***** RECORDS SHOWN
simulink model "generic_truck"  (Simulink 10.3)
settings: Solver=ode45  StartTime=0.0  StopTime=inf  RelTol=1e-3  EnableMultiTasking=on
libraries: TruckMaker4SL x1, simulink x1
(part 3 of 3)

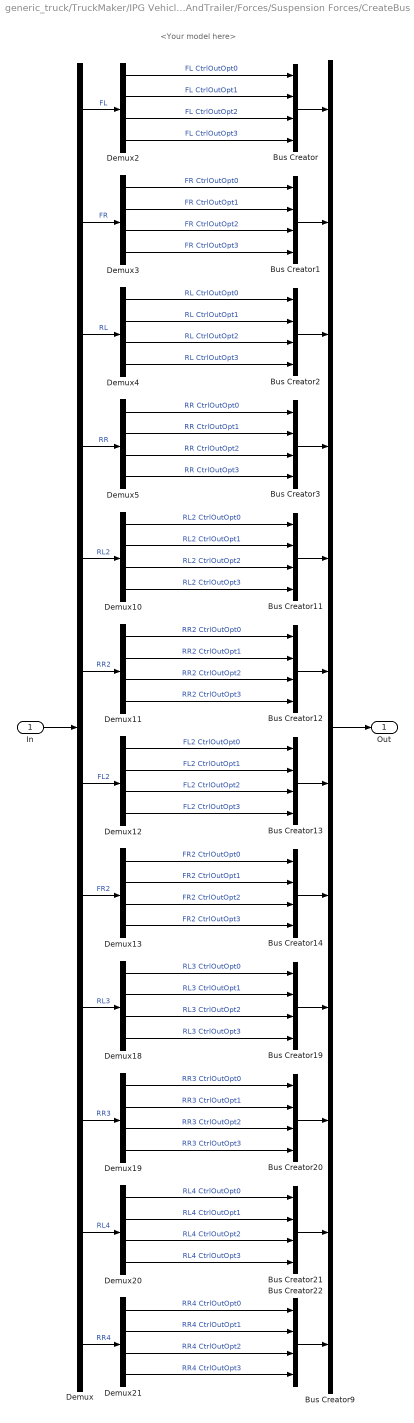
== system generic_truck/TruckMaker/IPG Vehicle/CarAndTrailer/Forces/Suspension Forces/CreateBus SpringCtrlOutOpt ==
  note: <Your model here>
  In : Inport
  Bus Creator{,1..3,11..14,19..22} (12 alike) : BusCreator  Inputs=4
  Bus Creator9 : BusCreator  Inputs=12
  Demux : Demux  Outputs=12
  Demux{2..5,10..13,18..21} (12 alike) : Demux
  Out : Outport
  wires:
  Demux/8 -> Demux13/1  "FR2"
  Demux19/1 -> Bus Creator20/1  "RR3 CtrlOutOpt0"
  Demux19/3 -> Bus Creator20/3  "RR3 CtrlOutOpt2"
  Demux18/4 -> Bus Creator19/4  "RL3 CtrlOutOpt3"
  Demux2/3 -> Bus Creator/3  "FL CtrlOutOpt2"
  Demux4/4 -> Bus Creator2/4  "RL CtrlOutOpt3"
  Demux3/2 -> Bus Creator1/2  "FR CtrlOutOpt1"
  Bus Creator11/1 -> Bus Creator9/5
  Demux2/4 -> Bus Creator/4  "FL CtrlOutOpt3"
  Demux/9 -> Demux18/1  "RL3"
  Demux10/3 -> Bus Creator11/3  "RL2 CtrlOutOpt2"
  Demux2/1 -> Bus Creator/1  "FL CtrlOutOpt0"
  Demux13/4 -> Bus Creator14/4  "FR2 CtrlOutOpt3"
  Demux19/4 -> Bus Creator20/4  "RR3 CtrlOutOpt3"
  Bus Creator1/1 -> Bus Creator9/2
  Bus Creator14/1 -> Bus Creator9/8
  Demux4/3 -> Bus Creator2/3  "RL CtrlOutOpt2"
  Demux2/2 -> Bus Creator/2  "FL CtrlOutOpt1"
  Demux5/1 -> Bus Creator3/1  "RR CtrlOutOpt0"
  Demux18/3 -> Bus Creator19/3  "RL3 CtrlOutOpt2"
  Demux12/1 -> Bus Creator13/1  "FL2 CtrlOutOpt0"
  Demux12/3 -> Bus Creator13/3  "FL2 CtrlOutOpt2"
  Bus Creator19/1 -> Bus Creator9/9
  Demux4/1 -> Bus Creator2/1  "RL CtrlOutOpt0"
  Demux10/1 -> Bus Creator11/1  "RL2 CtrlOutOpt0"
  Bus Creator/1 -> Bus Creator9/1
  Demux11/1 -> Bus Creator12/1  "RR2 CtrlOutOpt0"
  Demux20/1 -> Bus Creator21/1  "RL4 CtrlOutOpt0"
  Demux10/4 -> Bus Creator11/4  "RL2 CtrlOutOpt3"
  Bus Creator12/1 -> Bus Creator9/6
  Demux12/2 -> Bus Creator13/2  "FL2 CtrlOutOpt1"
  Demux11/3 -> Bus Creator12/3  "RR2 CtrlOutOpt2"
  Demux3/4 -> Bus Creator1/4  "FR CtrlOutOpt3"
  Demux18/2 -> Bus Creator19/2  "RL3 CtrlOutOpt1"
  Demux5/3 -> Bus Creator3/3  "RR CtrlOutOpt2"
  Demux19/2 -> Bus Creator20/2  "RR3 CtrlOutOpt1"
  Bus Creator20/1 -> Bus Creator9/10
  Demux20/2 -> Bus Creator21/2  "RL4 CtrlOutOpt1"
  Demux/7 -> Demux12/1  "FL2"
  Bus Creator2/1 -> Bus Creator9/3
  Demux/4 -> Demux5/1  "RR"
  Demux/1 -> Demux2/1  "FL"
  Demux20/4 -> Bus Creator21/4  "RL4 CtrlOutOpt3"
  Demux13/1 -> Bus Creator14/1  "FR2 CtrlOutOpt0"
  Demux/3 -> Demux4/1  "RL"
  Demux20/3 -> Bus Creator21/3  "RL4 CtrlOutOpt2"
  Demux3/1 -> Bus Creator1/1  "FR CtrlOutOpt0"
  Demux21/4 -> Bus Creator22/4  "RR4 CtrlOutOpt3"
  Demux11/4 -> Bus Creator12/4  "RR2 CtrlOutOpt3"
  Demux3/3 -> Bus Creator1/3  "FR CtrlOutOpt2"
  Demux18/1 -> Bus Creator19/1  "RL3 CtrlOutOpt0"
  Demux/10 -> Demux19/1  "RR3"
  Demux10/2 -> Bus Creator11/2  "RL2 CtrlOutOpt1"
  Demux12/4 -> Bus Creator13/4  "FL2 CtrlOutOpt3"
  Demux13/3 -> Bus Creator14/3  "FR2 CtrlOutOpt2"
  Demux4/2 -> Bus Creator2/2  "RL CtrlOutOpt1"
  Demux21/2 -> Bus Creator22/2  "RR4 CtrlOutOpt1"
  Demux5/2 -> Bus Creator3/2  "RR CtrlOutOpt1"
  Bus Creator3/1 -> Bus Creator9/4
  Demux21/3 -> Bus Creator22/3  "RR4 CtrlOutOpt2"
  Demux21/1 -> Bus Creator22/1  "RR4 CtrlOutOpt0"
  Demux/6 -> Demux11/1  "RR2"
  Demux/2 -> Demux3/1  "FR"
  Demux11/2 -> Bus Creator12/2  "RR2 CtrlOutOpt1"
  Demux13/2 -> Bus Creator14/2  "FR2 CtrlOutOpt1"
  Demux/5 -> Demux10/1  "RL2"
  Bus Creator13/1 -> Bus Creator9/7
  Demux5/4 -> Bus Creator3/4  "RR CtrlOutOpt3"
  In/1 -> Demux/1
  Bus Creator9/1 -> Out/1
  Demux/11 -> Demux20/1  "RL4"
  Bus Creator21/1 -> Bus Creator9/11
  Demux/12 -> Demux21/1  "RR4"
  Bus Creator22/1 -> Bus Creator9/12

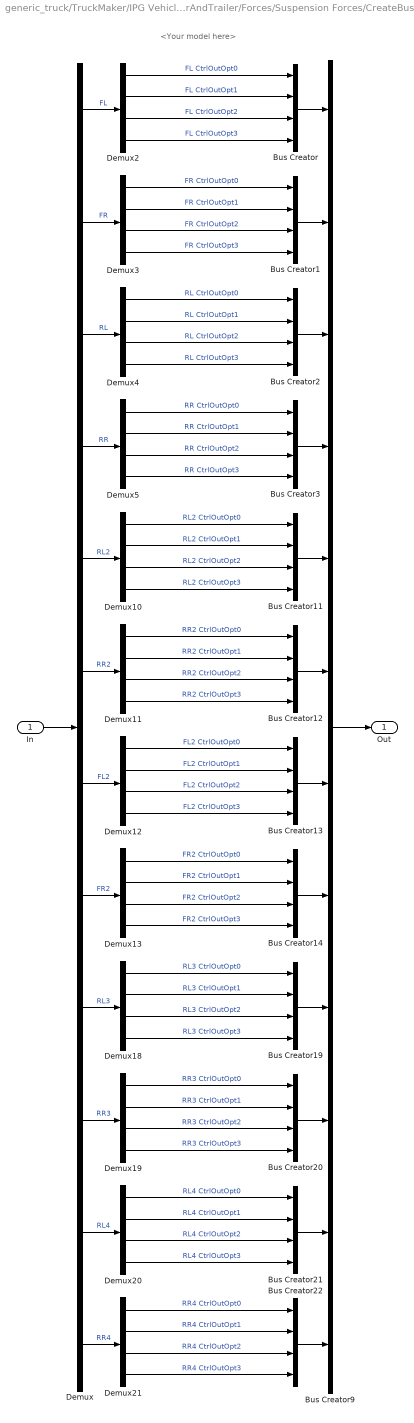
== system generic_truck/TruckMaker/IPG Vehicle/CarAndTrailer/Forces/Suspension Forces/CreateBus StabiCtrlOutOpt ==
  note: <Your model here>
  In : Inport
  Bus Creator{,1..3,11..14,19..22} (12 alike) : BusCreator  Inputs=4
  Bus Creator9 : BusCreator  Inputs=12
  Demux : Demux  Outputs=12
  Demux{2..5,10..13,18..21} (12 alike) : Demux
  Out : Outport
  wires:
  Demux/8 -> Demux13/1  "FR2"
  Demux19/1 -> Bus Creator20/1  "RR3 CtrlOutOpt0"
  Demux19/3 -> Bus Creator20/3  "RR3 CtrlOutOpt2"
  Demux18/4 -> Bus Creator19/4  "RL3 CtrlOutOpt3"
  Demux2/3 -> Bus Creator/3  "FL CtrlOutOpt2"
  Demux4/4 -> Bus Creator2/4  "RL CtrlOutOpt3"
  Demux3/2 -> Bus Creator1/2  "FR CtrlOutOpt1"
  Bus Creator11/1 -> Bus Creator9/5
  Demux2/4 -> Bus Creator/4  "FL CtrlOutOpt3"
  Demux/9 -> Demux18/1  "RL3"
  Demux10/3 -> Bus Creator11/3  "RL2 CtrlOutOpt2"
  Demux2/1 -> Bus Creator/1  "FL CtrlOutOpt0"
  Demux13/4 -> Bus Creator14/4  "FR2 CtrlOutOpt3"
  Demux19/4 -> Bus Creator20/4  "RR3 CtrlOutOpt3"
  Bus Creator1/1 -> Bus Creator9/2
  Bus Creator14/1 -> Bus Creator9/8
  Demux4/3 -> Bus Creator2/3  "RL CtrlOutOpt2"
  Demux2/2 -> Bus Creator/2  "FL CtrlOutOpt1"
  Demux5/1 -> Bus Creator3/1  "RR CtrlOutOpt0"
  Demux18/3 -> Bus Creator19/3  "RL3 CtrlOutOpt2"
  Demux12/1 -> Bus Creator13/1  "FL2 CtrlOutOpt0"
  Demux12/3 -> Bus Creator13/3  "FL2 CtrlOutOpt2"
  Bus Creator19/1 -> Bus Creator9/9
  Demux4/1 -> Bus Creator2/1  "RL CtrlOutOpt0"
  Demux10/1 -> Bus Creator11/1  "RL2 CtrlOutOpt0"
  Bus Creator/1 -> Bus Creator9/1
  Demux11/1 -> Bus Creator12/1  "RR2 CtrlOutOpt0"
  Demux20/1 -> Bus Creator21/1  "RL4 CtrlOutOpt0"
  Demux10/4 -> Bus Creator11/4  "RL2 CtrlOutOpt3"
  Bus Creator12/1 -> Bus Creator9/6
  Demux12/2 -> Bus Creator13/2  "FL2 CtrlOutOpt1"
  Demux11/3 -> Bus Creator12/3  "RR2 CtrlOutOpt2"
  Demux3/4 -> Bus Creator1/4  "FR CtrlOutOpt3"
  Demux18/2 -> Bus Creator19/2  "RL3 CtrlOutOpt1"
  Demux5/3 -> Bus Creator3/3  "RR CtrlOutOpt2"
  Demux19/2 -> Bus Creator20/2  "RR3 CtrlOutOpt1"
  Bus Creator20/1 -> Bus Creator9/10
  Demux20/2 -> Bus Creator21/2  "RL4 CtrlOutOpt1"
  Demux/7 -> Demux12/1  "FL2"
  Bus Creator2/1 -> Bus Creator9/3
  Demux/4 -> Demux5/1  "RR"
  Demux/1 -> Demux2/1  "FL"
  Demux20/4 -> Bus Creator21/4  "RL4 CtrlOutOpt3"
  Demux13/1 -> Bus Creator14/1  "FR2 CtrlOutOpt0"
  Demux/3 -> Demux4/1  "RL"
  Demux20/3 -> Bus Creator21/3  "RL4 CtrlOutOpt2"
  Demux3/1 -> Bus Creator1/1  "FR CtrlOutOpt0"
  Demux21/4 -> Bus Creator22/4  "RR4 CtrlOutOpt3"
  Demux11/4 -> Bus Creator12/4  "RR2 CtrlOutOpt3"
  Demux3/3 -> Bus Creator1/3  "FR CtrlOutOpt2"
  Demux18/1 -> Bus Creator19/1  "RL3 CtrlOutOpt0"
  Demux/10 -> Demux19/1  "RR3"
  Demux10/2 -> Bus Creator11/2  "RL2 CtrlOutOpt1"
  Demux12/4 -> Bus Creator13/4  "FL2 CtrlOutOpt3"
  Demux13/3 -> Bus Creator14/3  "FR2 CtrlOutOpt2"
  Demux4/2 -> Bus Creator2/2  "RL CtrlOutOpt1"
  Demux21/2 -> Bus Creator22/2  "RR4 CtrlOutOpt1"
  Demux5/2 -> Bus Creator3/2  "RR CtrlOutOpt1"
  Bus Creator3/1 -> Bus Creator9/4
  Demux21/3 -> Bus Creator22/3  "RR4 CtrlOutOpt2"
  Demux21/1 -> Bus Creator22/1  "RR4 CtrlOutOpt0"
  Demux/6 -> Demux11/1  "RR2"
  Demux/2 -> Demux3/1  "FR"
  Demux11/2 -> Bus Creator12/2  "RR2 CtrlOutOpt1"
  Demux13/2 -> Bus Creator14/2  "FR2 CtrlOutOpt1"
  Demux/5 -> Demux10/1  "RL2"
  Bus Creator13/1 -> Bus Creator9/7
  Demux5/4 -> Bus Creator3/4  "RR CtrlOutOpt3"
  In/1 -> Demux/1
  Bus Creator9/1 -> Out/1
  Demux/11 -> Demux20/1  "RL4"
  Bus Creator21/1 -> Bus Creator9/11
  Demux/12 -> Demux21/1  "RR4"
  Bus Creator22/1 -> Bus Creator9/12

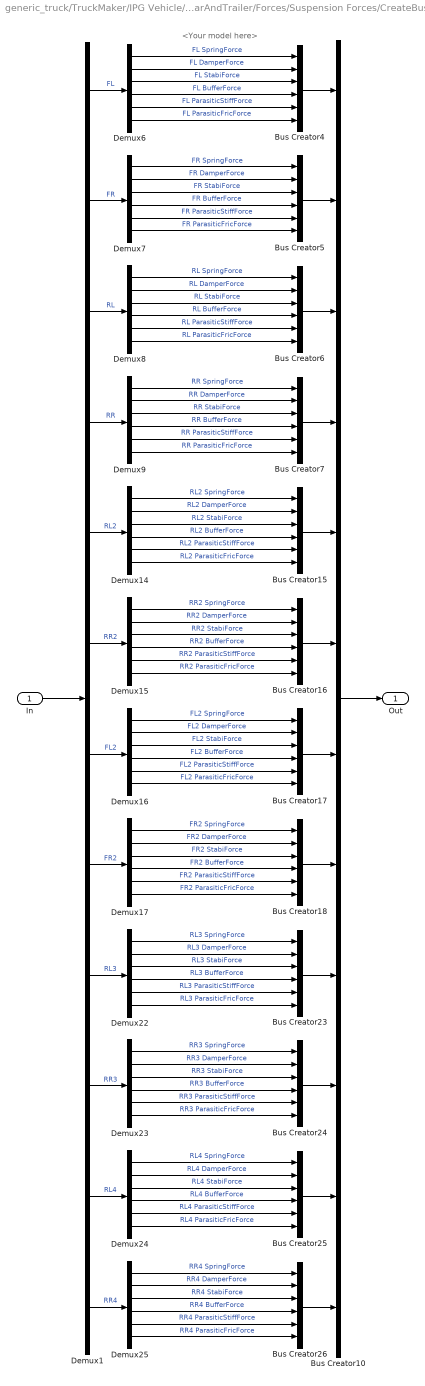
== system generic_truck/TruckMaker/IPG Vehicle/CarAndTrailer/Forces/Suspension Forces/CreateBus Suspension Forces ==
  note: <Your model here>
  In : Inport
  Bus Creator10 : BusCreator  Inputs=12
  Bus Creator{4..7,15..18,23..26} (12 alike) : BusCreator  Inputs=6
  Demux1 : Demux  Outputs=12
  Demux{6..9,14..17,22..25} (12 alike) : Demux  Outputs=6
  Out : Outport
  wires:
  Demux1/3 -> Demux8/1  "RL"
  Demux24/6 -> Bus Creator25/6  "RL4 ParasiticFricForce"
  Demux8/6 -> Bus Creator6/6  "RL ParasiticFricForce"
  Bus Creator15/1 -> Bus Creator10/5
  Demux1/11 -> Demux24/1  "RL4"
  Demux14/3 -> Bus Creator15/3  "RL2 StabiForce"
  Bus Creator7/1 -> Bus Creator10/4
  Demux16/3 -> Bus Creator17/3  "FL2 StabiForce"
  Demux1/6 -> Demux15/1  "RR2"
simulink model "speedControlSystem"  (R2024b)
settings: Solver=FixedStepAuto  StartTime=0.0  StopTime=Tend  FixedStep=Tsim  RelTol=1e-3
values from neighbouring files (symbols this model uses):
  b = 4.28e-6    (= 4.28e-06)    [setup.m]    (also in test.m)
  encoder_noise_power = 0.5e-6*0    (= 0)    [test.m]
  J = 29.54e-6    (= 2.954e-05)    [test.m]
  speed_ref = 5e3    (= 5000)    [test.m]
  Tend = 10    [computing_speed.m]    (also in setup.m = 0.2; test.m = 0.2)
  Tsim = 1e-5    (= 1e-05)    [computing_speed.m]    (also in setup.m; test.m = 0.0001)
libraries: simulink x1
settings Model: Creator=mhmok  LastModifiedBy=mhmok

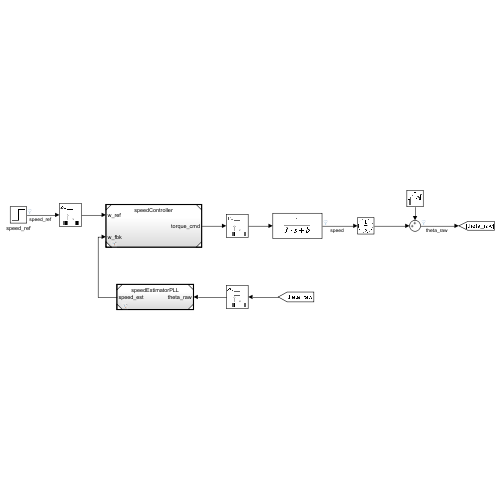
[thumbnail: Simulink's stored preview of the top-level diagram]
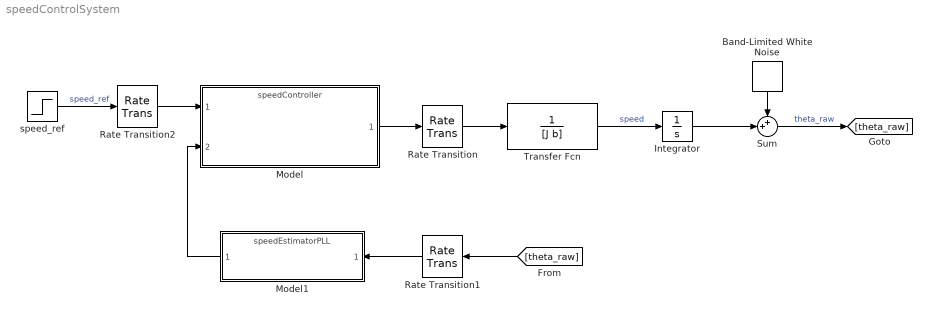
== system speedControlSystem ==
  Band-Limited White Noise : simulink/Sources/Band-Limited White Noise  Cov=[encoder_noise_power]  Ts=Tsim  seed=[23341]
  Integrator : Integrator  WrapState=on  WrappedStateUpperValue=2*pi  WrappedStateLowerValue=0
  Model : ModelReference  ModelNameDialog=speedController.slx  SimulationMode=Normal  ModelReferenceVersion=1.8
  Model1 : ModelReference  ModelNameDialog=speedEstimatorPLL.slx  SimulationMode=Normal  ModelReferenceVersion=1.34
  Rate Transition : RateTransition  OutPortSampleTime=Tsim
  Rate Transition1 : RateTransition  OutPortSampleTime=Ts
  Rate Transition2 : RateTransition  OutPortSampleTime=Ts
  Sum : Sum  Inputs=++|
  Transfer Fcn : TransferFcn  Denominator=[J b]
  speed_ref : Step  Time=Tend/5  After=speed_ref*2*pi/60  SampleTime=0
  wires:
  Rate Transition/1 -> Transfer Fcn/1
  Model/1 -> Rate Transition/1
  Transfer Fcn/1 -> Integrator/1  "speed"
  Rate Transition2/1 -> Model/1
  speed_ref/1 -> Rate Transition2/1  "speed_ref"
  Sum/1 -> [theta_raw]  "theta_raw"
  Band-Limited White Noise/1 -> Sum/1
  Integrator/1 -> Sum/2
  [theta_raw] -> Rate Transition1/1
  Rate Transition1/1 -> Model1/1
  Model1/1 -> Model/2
**********
Find the string "test" in the material above. Then copy each line that has it.

**ANSWER SECTION**
  b = 4.28e-6    (= 4.28e-06)    [setup.m]    (also in test.m)
  encoder_noise_power = 0.5e-6*0    (= 0)    [test.m]
  J = 29.54e-6    (= 2.954e-05)    [test.m]
  speed_ref = 5e3    (= 5000)    [test.m]
  Tend = 10    [computing_speed.m]    (also in setup.m = 0.2; test.m = 0.2)
  Tsim = 1e-5    (= 1e-05)    [computing_speed.m]    (also in setup.m; test.m = 0.0001)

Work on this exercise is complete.